Of the entries below, restate word for word only the section that runs from the line with "#64=DIRECTION('',(0.,0.,1.));" to the line with "#75=CARTESIAN_POINT('',(0.,0.,10.));", counting both ends.

++++ Extracted data

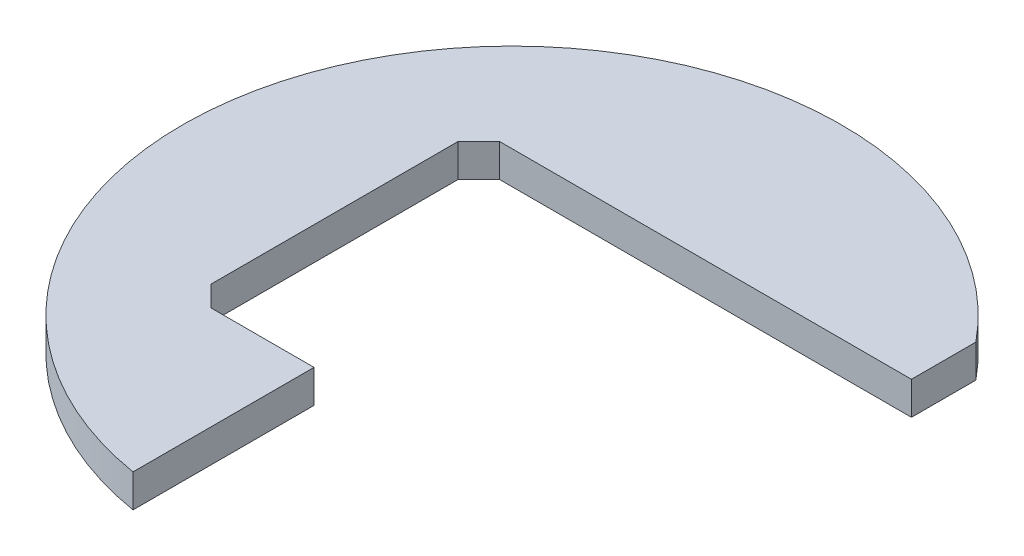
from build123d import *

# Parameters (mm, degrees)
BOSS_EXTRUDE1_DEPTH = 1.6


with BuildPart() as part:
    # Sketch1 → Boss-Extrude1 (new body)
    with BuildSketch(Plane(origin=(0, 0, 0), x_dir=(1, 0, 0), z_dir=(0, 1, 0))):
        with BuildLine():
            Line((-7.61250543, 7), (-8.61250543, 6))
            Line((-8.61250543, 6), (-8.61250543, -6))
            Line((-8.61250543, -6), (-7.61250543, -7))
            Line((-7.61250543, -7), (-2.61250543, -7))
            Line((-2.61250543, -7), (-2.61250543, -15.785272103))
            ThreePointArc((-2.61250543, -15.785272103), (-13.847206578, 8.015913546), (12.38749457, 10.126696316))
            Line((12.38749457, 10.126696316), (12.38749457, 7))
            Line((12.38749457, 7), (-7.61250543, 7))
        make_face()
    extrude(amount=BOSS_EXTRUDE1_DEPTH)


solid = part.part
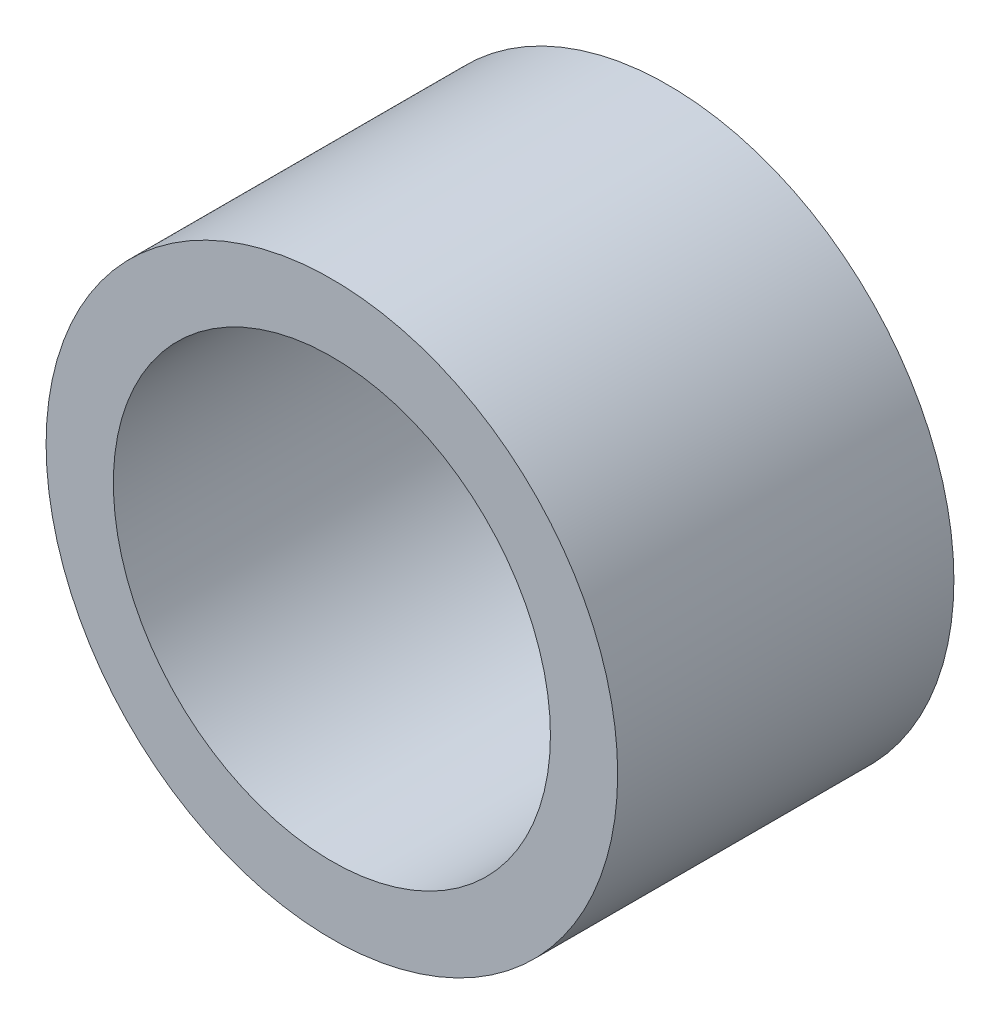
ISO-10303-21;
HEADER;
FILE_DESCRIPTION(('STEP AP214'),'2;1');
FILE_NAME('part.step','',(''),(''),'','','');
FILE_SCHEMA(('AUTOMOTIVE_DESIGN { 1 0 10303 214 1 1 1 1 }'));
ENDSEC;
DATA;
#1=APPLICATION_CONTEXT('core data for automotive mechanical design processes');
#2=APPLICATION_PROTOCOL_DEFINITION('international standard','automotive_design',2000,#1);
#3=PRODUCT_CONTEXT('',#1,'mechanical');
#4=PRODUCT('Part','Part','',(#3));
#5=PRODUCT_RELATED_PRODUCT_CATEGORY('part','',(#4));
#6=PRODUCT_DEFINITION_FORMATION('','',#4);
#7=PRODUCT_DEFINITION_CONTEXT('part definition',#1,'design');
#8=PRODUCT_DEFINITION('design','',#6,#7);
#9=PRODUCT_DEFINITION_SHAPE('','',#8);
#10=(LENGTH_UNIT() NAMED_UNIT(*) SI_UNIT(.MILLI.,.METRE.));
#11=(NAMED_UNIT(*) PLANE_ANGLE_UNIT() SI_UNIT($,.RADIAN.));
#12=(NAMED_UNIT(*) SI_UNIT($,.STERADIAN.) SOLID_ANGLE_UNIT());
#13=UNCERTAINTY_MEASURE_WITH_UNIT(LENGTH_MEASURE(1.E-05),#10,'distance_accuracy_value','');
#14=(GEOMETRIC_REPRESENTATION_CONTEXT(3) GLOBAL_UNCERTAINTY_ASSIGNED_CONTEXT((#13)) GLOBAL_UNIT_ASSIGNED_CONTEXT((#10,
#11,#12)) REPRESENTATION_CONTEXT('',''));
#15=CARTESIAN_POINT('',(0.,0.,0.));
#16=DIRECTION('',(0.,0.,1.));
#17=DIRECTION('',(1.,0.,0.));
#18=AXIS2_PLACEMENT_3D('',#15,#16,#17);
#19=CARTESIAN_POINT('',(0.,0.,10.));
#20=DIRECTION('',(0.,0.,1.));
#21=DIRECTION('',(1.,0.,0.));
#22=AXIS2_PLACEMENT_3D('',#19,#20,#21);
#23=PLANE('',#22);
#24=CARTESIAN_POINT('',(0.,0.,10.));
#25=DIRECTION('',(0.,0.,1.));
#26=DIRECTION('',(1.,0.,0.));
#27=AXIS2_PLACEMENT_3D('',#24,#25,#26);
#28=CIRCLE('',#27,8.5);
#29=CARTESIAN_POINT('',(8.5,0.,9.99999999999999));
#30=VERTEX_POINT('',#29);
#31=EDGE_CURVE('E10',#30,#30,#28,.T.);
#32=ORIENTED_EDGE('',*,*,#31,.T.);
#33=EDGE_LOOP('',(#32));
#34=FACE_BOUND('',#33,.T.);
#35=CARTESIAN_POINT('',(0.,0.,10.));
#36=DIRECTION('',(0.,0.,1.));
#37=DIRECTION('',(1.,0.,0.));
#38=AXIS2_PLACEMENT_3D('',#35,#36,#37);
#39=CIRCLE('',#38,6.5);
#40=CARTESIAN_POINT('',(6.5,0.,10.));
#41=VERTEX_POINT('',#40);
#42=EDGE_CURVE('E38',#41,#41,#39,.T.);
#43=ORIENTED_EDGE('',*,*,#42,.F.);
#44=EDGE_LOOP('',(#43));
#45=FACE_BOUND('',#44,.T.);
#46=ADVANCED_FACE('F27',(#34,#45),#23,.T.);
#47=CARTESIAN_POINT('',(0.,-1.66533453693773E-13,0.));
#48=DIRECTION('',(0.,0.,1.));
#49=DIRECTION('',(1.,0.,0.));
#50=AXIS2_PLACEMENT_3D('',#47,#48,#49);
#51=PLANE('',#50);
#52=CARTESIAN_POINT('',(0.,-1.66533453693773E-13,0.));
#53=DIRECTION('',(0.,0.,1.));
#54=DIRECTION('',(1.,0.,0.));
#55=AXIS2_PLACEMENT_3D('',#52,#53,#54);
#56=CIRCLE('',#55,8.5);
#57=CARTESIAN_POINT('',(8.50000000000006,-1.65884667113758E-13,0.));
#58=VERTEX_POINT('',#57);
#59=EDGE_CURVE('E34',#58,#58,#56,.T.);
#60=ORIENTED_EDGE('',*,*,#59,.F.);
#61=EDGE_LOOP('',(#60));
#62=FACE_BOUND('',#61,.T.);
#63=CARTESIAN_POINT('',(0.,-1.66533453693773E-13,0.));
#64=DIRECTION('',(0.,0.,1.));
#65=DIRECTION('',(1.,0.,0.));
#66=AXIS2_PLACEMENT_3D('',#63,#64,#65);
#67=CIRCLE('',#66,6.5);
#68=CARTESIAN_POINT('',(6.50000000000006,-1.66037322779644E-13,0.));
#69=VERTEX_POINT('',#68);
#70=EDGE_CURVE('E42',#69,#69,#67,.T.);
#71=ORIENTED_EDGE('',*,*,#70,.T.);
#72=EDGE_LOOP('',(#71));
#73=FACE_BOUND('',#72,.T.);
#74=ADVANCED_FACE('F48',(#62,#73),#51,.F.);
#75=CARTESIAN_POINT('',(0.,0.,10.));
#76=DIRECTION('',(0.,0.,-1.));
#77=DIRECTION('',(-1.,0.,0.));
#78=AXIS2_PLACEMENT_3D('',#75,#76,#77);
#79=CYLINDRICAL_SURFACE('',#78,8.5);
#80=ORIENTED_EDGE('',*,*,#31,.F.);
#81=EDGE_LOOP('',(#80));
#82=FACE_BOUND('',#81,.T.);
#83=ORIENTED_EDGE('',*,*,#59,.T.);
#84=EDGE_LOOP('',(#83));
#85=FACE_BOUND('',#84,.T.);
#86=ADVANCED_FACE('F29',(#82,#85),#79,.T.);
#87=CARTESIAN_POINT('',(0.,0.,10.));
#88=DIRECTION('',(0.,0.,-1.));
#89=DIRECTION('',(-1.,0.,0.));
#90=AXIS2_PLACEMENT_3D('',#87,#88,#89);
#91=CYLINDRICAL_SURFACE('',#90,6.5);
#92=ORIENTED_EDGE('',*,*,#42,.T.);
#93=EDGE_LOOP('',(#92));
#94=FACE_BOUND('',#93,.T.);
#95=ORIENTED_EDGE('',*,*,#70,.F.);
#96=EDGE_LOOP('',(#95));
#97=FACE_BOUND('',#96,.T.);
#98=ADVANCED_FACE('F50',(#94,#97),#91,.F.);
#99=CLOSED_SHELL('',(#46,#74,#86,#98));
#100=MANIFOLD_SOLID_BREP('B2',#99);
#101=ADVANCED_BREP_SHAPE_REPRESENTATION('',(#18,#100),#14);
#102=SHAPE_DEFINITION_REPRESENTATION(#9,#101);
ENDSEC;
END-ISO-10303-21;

++++++++

* Worked solution
#64=DIRECTION('',(0.,0.,1.));
#65=DIRECTION('',(1.,0.,0.));
#66=AXIS2_PLACEMENT_3D('',#63,#64,#65);
#67=CIRCLE('',#66,6.5);
#68=CARTESIAN_POINT('',(6.50000000000006,-1.66037322779644E-13,0.));
#69=VERTEX_POINT('',#68);
#70=EDGE_CURVE('E42',#69,#69,#67,.T.);
#71=ORIENTED_EDGE('',*,*,#70,.T.);
#72=EDGE_LOOP('',(#71));
#73=FACE_BOUND('',#72,.T.);
#74=ADVANCED_FACE('F48',(#62,#73),#51,.F.);
#75=CARTESIAN_POINT('',(0.,0.,10.));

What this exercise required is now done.